Washington, D.C. – Today, the Subcommittees on Oversight and Environment held a hearing to clarify when the Federal Records Act applies to certain information and how it has been implemented at the Environment Protection Agency (EPA). In particular, the hearing reviewed safeguards to prevent both the inadvertent as well as intentional destruction of information that should be preserved as a federal record.
Yesterday, following months of unfulfilled requests for information about EPA Administrator Gina McCarthy deleting thousands of text messages from her work phone, Chairman Lamar Smith (R-Texas) authorized a subpoena.

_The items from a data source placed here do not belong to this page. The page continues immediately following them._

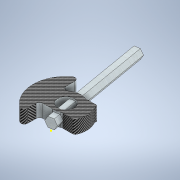
# Autodesk Inventor part: Hacha_01
Saved by Autodesk Inventor 2022.2 (Build 262287010, 287A)
## iProperties
Created: 2022-03-11
Part Number: Hacha_01
Material: Generic
Document SubType Name: Modeling
Designer: Santiago Larraín
Density: 1 g/cm^3
Appearance: Default
Author: Santiago Larraín
Autodesk Inventor part; units mm, degrees
ref_plane "YZ Plane" through (0, 0, 0) normal (1, 0, 0) x (0, 1, 0)
sketch "Sketch1" plane through (0, 0, 0) normal (0, 1, 0) x (-1, 0, 0)
  line L0 (-27.111, 15.2395) -> (22.2425, -12.5029) construction
  line L1 (22.6574, 17.4943) -> (-27.0498, -20.8857) construction
  line L2 (0, 0) -> (50, 0)
  arc A0 (22.2425, -44.7803) -> (22.6574, 44.5718) centre (0, 0) ccw
  arc A1 (2.535, 17.4943) -> (-8.9573, 15.2395) centre (0, 0) ccw
  arc A2 (-27.111, 16.0519) -> (-27.0498, -16.1549) centre (0, 0) ccw
  arc A3 (-9.006, -20.8857) -> (19, -12.5029) centre (0, 0) ccw
  line L3 (22.6574, 17.4943) -> (22.6574, 44.5718)
  line L4 (22.2425, -44.7803) -> (22.2425, -12.5029)
  line L5 (-27.111, 15.2395) -> (-8.9573, 15.2395)
  line L6 (2.535, 17.4943) -> (22.6574, 17.4943)
  line L7 (22.2425, -12.5029) -> (19, -12.5029)
  line L8 (-9.006, -20.8857) -> (-27.0498, -20.8857)
  line L9 (-27.0498, -20.8857) -> (-27.0498, -16.1549)
  line L10 (-27.111, 16.0519) -> (-27.111, 15.2395)
  dimension "d1" = 30
  dimension "d2" = 50
  dimension "d3" = 50
  constraints: 22 end point, 9 point on circle, 8 parallel, 4 centre point, 4 perpendicular, 3 horizontal, 2 point on line, 1 coincident
  measures "d1" distance of L1.start L0.end
  measures "d2" distance of L0.end L1.end
  measures "d3" distance of L2.start L2.end
extrude "Extrusion1" add sketch "Sketch1" along normal blind 20
sketch "Sketch2" plane through (0, 20, 0) normal (0, 1, 0) x (1, 0, 0)
  circle A0 centre (0, 0) radius 12.5
  dimension "d6" = 25
  constraints: 1 centre point, 1 coincident
  measures "d6" diameter of A0
extrude "Extrusion2" cut sketch "Sketch2" against normal through all
fillet "Fillet1" radius 2 2 edges at (27.111, 10, 15.2395) (27.0498, 10, -20.8857)
fillet "Fillet2" radius 5 10 edges at (-22.2425, 10, -12.5029) (-22.6574, 10, 17.4943) (-22.2425, 10, -44.7803) (-19, 10, -12.5029) (-22.6574, 10, 44.5718) (9.006, 10, -20.8857) (-2.535, 10, 17.4943) (8.9573, 10, 15.2395) (27.111, 10, 16.0519) (27.0498, 10, -16.1549)
ref_plane "Work Plane1" through (2.9983, 0, 17.4209) normal (0.1696154, 0, 0.9855103) x (0, 1, 0)
sketch "Sketch3" plane through (0, 0, 0) normal (0, -1, 0) x (1, 0, 0)
  point P0 (0, 0)
ref_plane "Work Plane2" through (2.9983, 0, 17.4209) normal (0.1696154, 0, 0.9855103) x (0, 1, 0)
sketch "Sketch4" plane through (0, 10, 0) normal (0, 1, 0) x (1, 0, 0)
  point P0 (0, 0)
sketch "Sketch5" plane through (2.9983, 0, 17.4209) normal (0.1696154, 0, 0.9855103) x (0, 1, 0)
  line L0 (10, 12.5) -> (10, -12.5) projected
  line L1 (10, -8.3729) -> (2.7489, -4.1864)
  line L2 (2.7489, -4.1864) -> (2.7489, 4.1864)
  line L3 (2.7489, 4.1864) -> (10, 8.3729)
  line L4 (10, 8.3729) -> (17.2511, 4.1864)
  line L5 (17.2511, 4.1864) -> (17.2511, -4.1864)
  line L6 (17.2511, -4.1864) -> (10, -8.3729)
  point P0 (0, 0)
  point P1 (10, 0)
  constraints: 12 end point, 1 midpoint, 1 point on line, 13 other
extrude "Extrusion3" add sketch "Sketch5" along normal blind 10 and the other way blind 150
sketch "Sketch6" plane through (4.6944, 0, 27.276) normal (0.1696154, 0, 0.9855103) x (0.9855103, 0, -0.1696154)
  point P0 (0, 0)
body "Solid1"

The subpoena compels the EPA to provide all documents related to the agency’s preservation of text messages and other electronic communications, as required by the Federal Records Act.
Chairman Smith: “What is clear is that this administration has failed to meet its promise of being the most transparent in American history. We have seen a disregard for agency transparency several times in recent years across the Federal Government – such as with Lois Lerner’s ‘IRS targeting controversy’ and Hillary Clinton’s ‘secret server’ issue. This pattern of withholding, concealing and destroying records must come to an end. Americans deserve to have the facts.”
Federal records are kept for a number of reasons, including institutional memory, ensuring effective and efficient administration of an organization, and to “make possible a proper scrutiny by the Congress…” Agencies are required to preserve records that document how decisions are made.
Oversight Subcommittee Chairman Barry Loudermilk (R-Ga.): “Hardworking American taxpayers expect their government to operate in an ethical and transparent manner, especially agencies such as the EPA, who hold a tremendous amount of regulatory power. However, the deletion of four years’ worth of text messages causes great concern, and we must get to the bottom of why there is an obvious lack of accountability within the EPA. I commend Chairman Smith for using the committee’s subpoena power to compel the EPA to comply with our investigation, on behalf of the American people.”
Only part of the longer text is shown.